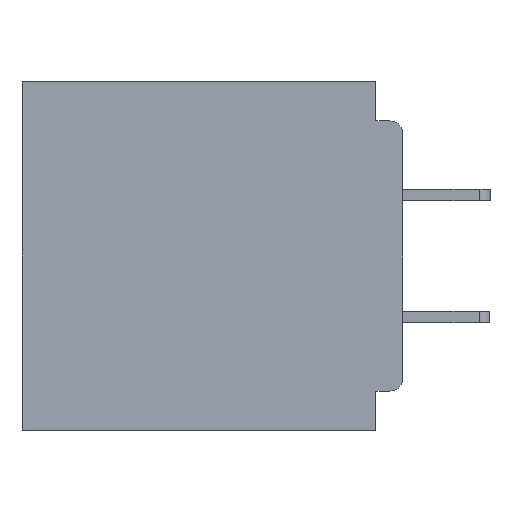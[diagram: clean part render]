
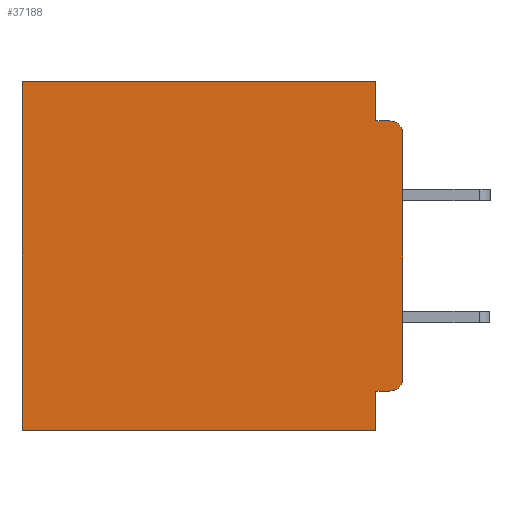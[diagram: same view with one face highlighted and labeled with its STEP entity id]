
A CAD part, left-side view. The second image highlights one B-rep face of the part: STEP entity #37188.
In plain terms, the highlighted planar face has unit normal (-1, 0, 0).
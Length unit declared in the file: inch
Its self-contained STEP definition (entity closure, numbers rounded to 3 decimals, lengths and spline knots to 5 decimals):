
#361 = VERTEX_POINT ( 'NONE', #2311 ) ;
#1118 = LINE ( 'NONE', #55294, #36225 ) ;
#1137 = LINE ( 'NONE', #9274, #56889 ) ;
#2311 = CARTESIAN_POINT ( 'NONE',  ( 0.3, 0.015, -0.045 ) ) ;
#2999 = CARTESIAN_POINT ( 'NONE',  ( 0.3, 0.437, 0. ) ) ;
#3495 = AXIS2_PLACEMENT_3D ( 'NONE', #24186, #55023, #28652 ) ;
#8865 = CIRCLE ( 'NONE', #3495, 0.015 ) ;
#9274 = CARTESIAN_POINT ( 'NONE',  ( 0.3, 0.031, -0.4 ) ) ;
#9807 = EDGE_CURVE ( 'NONE', #42140, #47520, #43880, .T. ) ;
#12023 = DIRECTION ( 'NONE',  ( 0., 0., -1. ) ) ;
#13660 = DIRECTION ( 'NONE',  ( 0., 0., -1. ) ) ;
#14176 = ORIENTED_EDGE ( 'NONE', *, *, #9807, .F. ) ;
#14613 = LINE ( 'NONE', #19402, #48409 ) ;
#15423 = EDGE_CURVE ( 'NONE', #36816, #27259, #55273, .T. ) ;
#15568 = CARTESIAN_POINT ( 'NONE',  ( 0.3, 0., -0.4 ) ) ;
#15967 = ORIENTED_EDGE ( 'NONE', *, *, #50381, .T. ) ;
#16049 = VERTEX_POINT ( 'NONE', #31727 ) ;
#16824 = CARTESIAN_POINT ( 'NONE',  ( 0.3, 0.437, -0.4 ) ) ;
#18274 = EDGE_CURVE ( 'NONE', #42140, #361, #38504, .T. ) ;
#18292 = DIRECTION ( 'NONE',  ( 0., -1., 0. ) ) ;
#19402 = CARTESIAN_POINT ( 'NONE',  ( 0.3, 0.437, -0.4 ) ) ;
#19437 = FACE_OUTER_BOUND ( 'NONE', #48060, .T. ) ;
#20802 = ORIENTED_EDGE ( 'NONE', *, *, #18274, .T. ) ;
#21491 = AXIS2_PLACEMENT_3D ( 'NONE', #42653, #38402, #12023 ) ;
#21702 = VERTEX_POINT ( 'NONE', #2999 ) ;
#22737 = EDGE_CURVE ( 'NONE', #41104, #16049, #1118, .T. ) ;
#23819 = DIRECTION ( 'NONE',  ( 0., 0., -1. ) ) ;
#24186 = CARTESIAN_POINT ( 'NONE',  ( 0.3, 0.015, -0.34 ) ) ;
#24410 = DIRECTION ( 'NONE',  ( -1., 0., 0. ) ) ;
#25330 = DIRECTION ( 'NONE',  ( 0., 0., -1. ) ) ;
#25515 = ORIENTED_EDGE ( 'NONE', *, *, #28462, .T. ) ;
#27259 = VERTEX_POINT ( 'NONE', #16824 ) ;
#27273 = CARTESIAN_POINT ( 'NONE',  ( 0.3, 0.015, -0.355 ) ) ;
#27394 = CARTESIAN_POINT ( 'NONE',  ( 0.3, 0., -0.34 ) ) ;
#27669 = CARTESIAN_POINT ( 'NONE',  ( 0.3, 0.031, 0. ) ) ;
#28462 = EDGE_CURVE ( 'NONE', #41104, #47520, #8865, .T. ) ;
#28652 = DIRECTION ( 'NONE',  ( 0., 0., -1. ) ) ;
#28936 = DIRECTION ( 'NONE',  ( 0., 1., 0. ) ) ;
#30416 = EDGE_CURVE ( 'NONE', #53825, #38671, #44458, .T. ) ;
#30552 = ORIENTED_EDGE ( 'NONE', *, *, #22737, .F. ) ;
#31727 = CARTESIAN_POINT ( 'NONE',  ( 0.3, 0.031, -0.355 ) ) ;
#31896 = VECTOR ( 'NONE', #39635, 39.37008 ) ;
#34295 = ORIENTED_EDGE ( 'NONE', *, *, #30416, .F. ) ;
#35407 = CARTESIAN_POINT ( 'NONE',  ( 0.3, 0., -0.4 ) ) ;
#35852 = CARTESIAN_POINT ( 'NONE',  ( 0.3, 0., -0.045 ) ) ;
#36225 = VECTOR ( 'NONE', #28936, 39.37008 ) ;
#36816 = VERTEX_POINT ( 'NONE', #48067 ) ;
#37188 = ADVANCED_FACE ( 'NONE', ( #19437 ), #55916, .F. ) ;
#37343 = DIRECTION ( 'NONE',  ( 0., 1., 0. ) ) ;
#37527 = CARTESIAN_POINT ( 'NONE',  ( 0.3, 0., 0. ) ) ;
#38402 = DIRECTION ( 'NONE',  ( 1., 0., 0. ) ) ;
#38504 = CIRCLE ( 'NONE', #42174, 0.015 ) ;
#38671 = VERTEX_POINT ( 'NONE', #39592 ) ;
#39407 = EDGE_CURVE ( 'NONE', #38671, #361, #48626, .T. ) ;
#39592 = CARTESIAN_POINT ( 'NONE',  ( 0.3, 0.031, -0.045 ) ) ;
#39635 = DIRECTION ( 'NONE',  ( 0., 1., 0. ) ) ;
#40694 = ORIENTED_EDGE ( 'NONE', *, *, #44565, .F. ) ;
#41104 = VERTEX_POINT ( 'NONE', #27273 ) ;
#42140 = VERTEX_POINT ( 'NONE', #42980 ) ;
#42174 = AXIS2_PLACEMENT_3D ( 'NONE', #50831, #24410, #55235 ) ;
#42653 = CARTESIAN_POINT ( 'NONE',  ( 0.3, 0., -0.4 ) ) ;
#42980 = CARTESIAN_POINT ( 'NONE',  ( 0.3, 0., -0.06 ) ) ;
#43880 = LINE ( 'NONE', #15568, #52813 ) ;
#44458 = LINE ( 'NONE', #47340, #54759 ) ;
#44565 = EDGE_CURVE ( 'NONE', #16049, #36816, #1137, .T. ) ;
#44840 = EDGE_CURVE ( 'NONE', #53825, #21702, #56550, .T. ) ;
#44869 = VECTOR ( 'NONE', #37343, 39.37008 ) ;
#47237 = VECTOR ( 'NONE', #18292, 39.37008 ) ;
#47340 = CARTESIAN_POINT ( 'NONE',  ( 0.3, 0.031, 0. ) ) ;
#47520 = VERTEX_POINT ( 'NONE', #27394 ) ;
#48060 = EDGE_LOOP ( 'NONE', ( #14176, #20802, #53901, #34295, #50506, #15967, #49207, #40694, #30552, #25515 ) ) ;
#48067 = CARTESIAN_POINT ( 'NONE',  ( 0.3, 0.031, -0.4 ) ) ;
#48409 = VECTOR ( 'NONE', #23819, 39.37008 ) ;
#48626 = LINE ( 'NONE', #35852, #47237 ) ;
#49207 = ORIENTED_EDGE ( 'NONE', *, *, #15423, .F. ) ;
#50381 = EDGE_CURVE ( 'NONE', #21702, #27259, #14613, .T. ) ;
#50506 = ORIENTED_EDGE ( 'NONE', *, *, #44840, .T. ) ;
#50831 = CARTESIAN_POINT ( 'NONE',  ( 0.3, 0.015, -0.06 ) ) ;
#52813 = VECTOR ( 'NONE', #55251, 39.37008 ) ;
#53825 = VERTEX_POINT ( 'NONE', #27669 ) ;
#53901 = ORIENTED_EDGE ( 'NONE', *, *, #39407, .F. ) ;
#54759 = VECTOR ( 'NONE', #25330, 39.37008 ) ;
#55023 = DIRECTION ( 'NONE',  ( -1., 0., 0. ) ) ;
#55235 = DIRECTION ( 'NONE',  ( 0., 0., -1. ) ) ;
#55251 = DIRECTION ( 'NONE',  ( 0., 0., -1. ) ) ;
#55273 = LINE ( 'NONE', #35407, #31896 ) ;
#55294 = CARTESIAN_POINT ( 'NONE',  ( 0.3, 0., -0.355 ) ) ;
#55916 = PLANE ( 'NONE',  #21491 ) ;
#56550 = LINE ( 'NONE', #37527, #44869 ) ;
#56889 = VECTOR ( 'NONE', #13660, 39.37008 ) ;
====
■ Problem description
Retype only the lines above between the line with "#42174 = AXIS2_PLACEMENT_3D" and the line with "#50506 = ORIENTED_EDGE", counting those two lines as well, and keep every character as it is.

■ Answer space
#42174 = AXIS2_PLACEMENT_3D ( 'NONE', #50831, #24410, #55235 ) ;
#42653 = CARTESIAN_POINT ( 'NONE',  ( 0.3, 0., -0.4 ) ) ;
#42980 = CARTESIAN_POINT ( 'NONE',  ( 0.3, 0., -0.06 ) ) ;
#43880 = LINE ( 'NONE', #15568, #52813 ) ;
#44458 = LINE ( 'NONE', #47340, #54759 ) ;
#44565 = EDGE_CURVE ( 'NONE', #16049, #36816, #1137, .T. ) ;
#44840 = EDGE_CURVE ( 'NONE', #53825, #21702, #56550, .T. ) ;
#44869 = VECTOR ( 'NONE', #37343, 39.37008 ) ;
#47237 = VECTOR ( 'NONE', #18292, 39.37008 ) ;
#47340 = CARTESIAN_POINT ( 'NONE',  ( 0.3, 0.031, 0. ) ) ;
#47520 = VERTEX_POINT ( 'NONE', #27394 ) ;
#48060 = EDGE_LOOP ( 'NONE', ( #14176, #20802, #53901, #34295, #50506, #15967, #49207, #40694, #30552, #25515 ) ) ;
#48067 = CARTESIAN_POINT ( 'NONE',  ( 0.3, 0.031, -0.4 ) ) ;
#48409 = VECTOR ( 'NONE', #23819, 39.37008 ) ;
#48626 = LINE ( 'NONE', #35852, #47237 ) ;
#49207 = ORIENTED_EDGE ( 'NONE', *, *, #15423, .F. ) ;
#50381 = EDGE_CURVE ( 'NONE', #21702, #27259, #14613, .T. ) ;
#50506 = ORIENTED_EDGE ( 'NONE', *, *, #44840, .T. ) ;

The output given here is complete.